To combat this problem, the Palo Alto Little League started a formal umpire training program for junior high and high schoolers that Yoshitomi now leads. Scott Busch, a former Palo Alto Little League coach whom Wayne mentored, was frustrated that umpires weren’t showing up to games. After complaining to the board, he was asked to start an umpire training program for kids who had recently aged out of Little League. Yoshitomi also helped lead some of these classes. After Busch moved away, Yoshitomi stepped in.
The program has worked for Palo Alto Little League in solving the official shortage.

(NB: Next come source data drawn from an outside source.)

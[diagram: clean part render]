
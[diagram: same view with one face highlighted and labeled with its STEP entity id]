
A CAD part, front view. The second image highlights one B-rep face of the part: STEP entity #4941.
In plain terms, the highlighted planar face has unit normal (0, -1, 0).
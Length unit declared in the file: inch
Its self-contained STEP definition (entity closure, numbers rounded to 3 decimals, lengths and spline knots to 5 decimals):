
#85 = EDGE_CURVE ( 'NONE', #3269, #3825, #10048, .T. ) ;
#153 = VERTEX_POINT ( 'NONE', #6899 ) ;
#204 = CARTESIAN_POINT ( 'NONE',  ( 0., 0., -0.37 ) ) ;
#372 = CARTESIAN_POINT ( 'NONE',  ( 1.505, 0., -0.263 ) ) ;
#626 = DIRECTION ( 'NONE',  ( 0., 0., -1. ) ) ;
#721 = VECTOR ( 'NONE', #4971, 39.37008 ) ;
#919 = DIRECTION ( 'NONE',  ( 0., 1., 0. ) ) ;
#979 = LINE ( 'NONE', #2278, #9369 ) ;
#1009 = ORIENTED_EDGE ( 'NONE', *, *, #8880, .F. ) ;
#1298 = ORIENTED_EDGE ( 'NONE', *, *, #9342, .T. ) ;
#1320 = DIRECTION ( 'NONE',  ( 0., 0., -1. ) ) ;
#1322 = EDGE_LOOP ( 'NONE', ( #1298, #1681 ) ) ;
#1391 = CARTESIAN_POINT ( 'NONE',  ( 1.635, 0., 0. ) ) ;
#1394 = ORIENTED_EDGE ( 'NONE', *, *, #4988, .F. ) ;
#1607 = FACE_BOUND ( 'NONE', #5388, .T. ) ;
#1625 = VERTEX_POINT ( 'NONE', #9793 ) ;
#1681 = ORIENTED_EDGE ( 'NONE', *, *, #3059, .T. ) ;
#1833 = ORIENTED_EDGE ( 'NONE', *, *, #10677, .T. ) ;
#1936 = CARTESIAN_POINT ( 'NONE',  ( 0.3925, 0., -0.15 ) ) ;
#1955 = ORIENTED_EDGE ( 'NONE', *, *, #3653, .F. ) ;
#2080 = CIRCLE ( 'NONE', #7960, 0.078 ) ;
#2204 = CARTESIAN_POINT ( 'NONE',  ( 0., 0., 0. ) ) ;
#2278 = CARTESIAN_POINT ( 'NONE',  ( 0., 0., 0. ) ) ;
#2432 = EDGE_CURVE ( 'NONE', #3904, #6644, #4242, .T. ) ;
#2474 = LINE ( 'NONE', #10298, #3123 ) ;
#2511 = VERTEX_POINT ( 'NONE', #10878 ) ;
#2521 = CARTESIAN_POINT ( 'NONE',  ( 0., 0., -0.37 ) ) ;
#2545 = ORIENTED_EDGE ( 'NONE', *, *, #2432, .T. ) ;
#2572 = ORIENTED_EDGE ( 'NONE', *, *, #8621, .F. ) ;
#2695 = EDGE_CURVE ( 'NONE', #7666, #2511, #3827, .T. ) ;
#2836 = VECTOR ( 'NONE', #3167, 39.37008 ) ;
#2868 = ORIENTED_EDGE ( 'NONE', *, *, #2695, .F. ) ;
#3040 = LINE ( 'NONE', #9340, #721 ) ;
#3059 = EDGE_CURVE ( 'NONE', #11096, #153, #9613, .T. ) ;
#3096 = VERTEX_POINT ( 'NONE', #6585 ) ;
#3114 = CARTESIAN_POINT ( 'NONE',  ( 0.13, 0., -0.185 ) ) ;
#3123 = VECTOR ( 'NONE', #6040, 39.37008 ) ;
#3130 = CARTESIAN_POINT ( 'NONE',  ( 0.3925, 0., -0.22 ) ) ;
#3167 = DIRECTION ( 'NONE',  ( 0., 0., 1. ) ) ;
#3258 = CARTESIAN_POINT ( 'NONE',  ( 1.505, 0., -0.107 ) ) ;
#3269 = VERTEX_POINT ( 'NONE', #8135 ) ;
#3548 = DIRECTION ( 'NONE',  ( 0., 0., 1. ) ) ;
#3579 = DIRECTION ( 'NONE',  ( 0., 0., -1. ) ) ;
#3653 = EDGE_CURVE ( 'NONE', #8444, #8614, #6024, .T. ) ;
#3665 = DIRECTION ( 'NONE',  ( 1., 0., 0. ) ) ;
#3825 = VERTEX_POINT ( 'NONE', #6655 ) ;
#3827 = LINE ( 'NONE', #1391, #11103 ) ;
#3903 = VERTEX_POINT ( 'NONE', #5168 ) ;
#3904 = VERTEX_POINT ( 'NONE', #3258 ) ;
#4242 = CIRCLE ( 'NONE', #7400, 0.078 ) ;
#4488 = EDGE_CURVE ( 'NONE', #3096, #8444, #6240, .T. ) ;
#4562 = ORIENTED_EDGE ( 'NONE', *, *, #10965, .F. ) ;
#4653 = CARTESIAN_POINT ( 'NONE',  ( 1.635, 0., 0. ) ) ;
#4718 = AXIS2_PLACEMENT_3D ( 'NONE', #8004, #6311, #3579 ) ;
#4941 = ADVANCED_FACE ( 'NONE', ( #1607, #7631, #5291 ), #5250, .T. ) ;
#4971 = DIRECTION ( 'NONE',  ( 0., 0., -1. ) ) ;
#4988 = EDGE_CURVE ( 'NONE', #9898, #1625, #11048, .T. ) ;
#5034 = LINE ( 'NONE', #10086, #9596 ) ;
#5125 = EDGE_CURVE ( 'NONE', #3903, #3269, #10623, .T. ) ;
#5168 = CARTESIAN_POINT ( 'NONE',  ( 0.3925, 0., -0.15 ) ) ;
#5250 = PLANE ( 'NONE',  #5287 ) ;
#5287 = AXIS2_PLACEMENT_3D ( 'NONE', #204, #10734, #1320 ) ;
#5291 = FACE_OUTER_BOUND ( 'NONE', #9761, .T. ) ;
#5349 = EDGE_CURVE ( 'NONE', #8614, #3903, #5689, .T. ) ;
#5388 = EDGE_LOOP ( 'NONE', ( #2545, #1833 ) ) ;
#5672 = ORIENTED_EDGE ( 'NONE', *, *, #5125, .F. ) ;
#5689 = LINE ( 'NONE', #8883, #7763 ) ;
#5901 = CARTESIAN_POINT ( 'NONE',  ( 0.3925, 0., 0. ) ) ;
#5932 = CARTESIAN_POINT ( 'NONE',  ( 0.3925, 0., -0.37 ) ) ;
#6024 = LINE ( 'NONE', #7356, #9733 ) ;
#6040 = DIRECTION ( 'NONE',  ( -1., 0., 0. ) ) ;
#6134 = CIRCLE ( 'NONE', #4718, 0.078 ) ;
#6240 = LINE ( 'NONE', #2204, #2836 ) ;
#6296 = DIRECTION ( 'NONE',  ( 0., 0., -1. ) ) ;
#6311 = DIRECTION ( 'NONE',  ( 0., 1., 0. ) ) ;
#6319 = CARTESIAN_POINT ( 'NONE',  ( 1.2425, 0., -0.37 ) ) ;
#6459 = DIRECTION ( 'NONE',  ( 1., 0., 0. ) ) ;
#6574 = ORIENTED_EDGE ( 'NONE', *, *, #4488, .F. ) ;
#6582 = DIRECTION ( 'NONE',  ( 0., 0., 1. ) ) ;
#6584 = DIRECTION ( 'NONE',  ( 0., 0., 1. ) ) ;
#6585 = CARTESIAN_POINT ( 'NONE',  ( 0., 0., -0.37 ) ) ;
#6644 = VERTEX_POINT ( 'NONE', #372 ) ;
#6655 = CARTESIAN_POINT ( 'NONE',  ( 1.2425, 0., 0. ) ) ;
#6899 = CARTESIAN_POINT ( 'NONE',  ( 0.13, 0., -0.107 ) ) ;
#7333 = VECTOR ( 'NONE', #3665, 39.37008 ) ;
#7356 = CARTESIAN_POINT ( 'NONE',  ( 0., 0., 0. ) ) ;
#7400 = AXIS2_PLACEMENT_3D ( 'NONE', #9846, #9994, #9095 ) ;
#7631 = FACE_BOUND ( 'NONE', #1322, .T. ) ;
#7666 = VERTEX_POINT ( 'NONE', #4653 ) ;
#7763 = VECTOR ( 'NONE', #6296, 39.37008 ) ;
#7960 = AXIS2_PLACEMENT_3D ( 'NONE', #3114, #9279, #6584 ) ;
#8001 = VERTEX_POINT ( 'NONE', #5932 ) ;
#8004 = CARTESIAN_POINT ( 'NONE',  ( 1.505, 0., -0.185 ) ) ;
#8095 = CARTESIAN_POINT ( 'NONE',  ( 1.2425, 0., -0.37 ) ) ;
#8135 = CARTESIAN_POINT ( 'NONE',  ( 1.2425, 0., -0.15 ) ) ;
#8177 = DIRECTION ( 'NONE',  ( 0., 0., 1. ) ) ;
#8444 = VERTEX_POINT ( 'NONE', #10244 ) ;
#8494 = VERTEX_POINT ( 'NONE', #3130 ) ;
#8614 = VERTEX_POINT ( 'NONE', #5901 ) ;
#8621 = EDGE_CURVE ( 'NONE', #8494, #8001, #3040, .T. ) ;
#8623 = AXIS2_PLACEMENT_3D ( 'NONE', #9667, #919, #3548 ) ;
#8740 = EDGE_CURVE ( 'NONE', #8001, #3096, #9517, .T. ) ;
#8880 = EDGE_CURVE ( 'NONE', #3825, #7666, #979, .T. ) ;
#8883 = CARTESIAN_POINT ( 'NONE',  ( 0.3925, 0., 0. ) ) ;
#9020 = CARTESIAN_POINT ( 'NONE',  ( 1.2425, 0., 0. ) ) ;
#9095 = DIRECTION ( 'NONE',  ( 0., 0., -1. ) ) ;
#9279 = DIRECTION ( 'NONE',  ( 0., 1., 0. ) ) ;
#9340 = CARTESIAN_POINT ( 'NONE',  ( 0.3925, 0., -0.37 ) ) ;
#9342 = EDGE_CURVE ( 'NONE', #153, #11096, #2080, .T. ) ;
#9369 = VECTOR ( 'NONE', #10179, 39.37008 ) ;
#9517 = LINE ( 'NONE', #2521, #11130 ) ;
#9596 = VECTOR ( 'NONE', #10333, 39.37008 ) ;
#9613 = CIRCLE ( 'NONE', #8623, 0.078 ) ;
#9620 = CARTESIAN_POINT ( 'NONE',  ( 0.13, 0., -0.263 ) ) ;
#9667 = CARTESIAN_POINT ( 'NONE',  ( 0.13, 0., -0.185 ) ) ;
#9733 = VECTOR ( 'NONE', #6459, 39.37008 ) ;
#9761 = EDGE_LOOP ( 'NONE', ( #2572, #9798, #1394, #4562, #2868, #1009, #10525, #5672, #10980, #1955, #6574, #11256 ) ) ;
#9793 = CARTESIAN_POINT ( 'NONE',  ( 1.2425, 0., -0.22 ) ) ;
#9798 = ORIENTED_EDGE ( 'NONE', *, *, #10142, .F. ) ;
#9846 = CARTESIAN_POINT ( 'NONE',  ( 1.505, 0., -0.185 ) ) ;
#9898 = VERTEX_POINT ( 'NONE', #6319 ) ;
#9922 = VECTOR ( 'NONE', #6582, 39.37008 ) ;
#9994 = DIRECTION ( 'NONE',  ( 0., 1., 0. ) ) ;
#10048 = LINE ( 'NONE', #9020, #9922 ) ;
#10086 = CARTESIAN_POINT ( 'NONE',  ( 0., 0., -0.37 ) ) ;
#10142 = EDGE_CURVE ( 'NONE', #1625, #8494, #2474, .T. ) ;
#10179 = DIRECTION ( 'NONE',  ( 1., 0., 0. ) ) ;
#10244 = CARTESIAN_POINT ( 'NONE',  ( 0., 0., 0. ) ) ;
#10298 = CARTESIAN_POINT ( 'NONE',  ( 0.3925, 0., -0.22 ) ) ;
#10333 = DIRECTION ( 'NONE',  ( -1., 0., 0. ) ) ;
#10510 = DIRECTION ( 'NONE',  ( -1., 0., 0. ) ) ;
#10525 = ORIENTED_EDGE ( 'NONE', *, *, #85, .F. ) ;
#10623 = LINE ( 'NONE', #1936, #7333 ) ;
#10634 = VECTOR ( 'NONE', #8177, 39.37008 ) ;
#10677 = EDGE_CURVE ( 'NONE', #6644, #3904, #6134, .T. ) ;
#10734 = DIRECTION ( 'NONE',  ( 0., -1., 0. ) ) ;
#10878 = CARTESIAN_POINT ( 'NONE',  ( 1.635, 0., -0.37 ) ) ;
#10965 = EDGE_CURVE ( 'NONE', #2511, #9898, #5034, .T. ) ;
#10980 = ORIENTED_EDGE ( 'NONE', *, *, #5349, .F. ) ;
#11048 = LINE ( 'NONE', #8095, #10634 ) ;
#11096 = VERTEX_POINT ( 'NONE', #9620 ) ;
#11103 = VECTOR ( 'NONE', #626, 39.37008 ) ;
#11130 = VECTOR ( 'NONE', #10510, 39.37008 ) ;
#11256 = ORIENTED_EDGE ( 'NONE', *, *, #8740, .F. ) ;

“Kids rarely did not show up,” Busch said. “Maybe one or two games a season and that was because of some freak accident and there were hundreds of positions that were covered, and those kids were so diligent about being there early … I loved how serious they took it.”
Yoshitomi watches the kids officiate after they have completed the training and gives them feedback after the game. Of the 13 classes Yoshitomi led this year, three were in Palo Alto.
“He treats [the kids] with a lot of respect,” said Kenny Kim, a Palo Alto Little League board member. “He treats them as peers. I’ve seen Wayne umpire games with other kids, and he doesn’t undermine them or anything.”
He also volunteers with Little League Challenger Division games, a baseball program for young people who have physical and intellectual disabilities, to stand behind home plate in uniform. When each player crosses home plate, he yells safe with his arms spread wide, a smile on his face.
But the highlight of Yoshitomi’s career was getting to umpire at the Little League Baseball West Regionals in 2013, which is the tournament that determines what team in that region will go to the Little League World Series. It’s a once in a lifetime opportunity and a necessary step to umpire at the Little League World Series, Yoshitomi said.
Justin and Brian Fong, along with other friends, came to watch Wayne umpire at the West Region tournament. Although his grandpa never saw him umpire, the most important spectator was his mother Mary Yoshitomi. Mary, who was battling pancreatic cancer, elderly and unable to drive to any of Yoshitomi’s games, had never seen her son umpire and was able to watch the game on TV.
“She was able to see me umpire on ESPN, and then she passed away the following year,” Wayne Yoshitomi said. “So, for me, I don’t care if I ever do a World Series. I don’t really care. If I do, that’d be great. If I don’t, that’s fine. That was it.”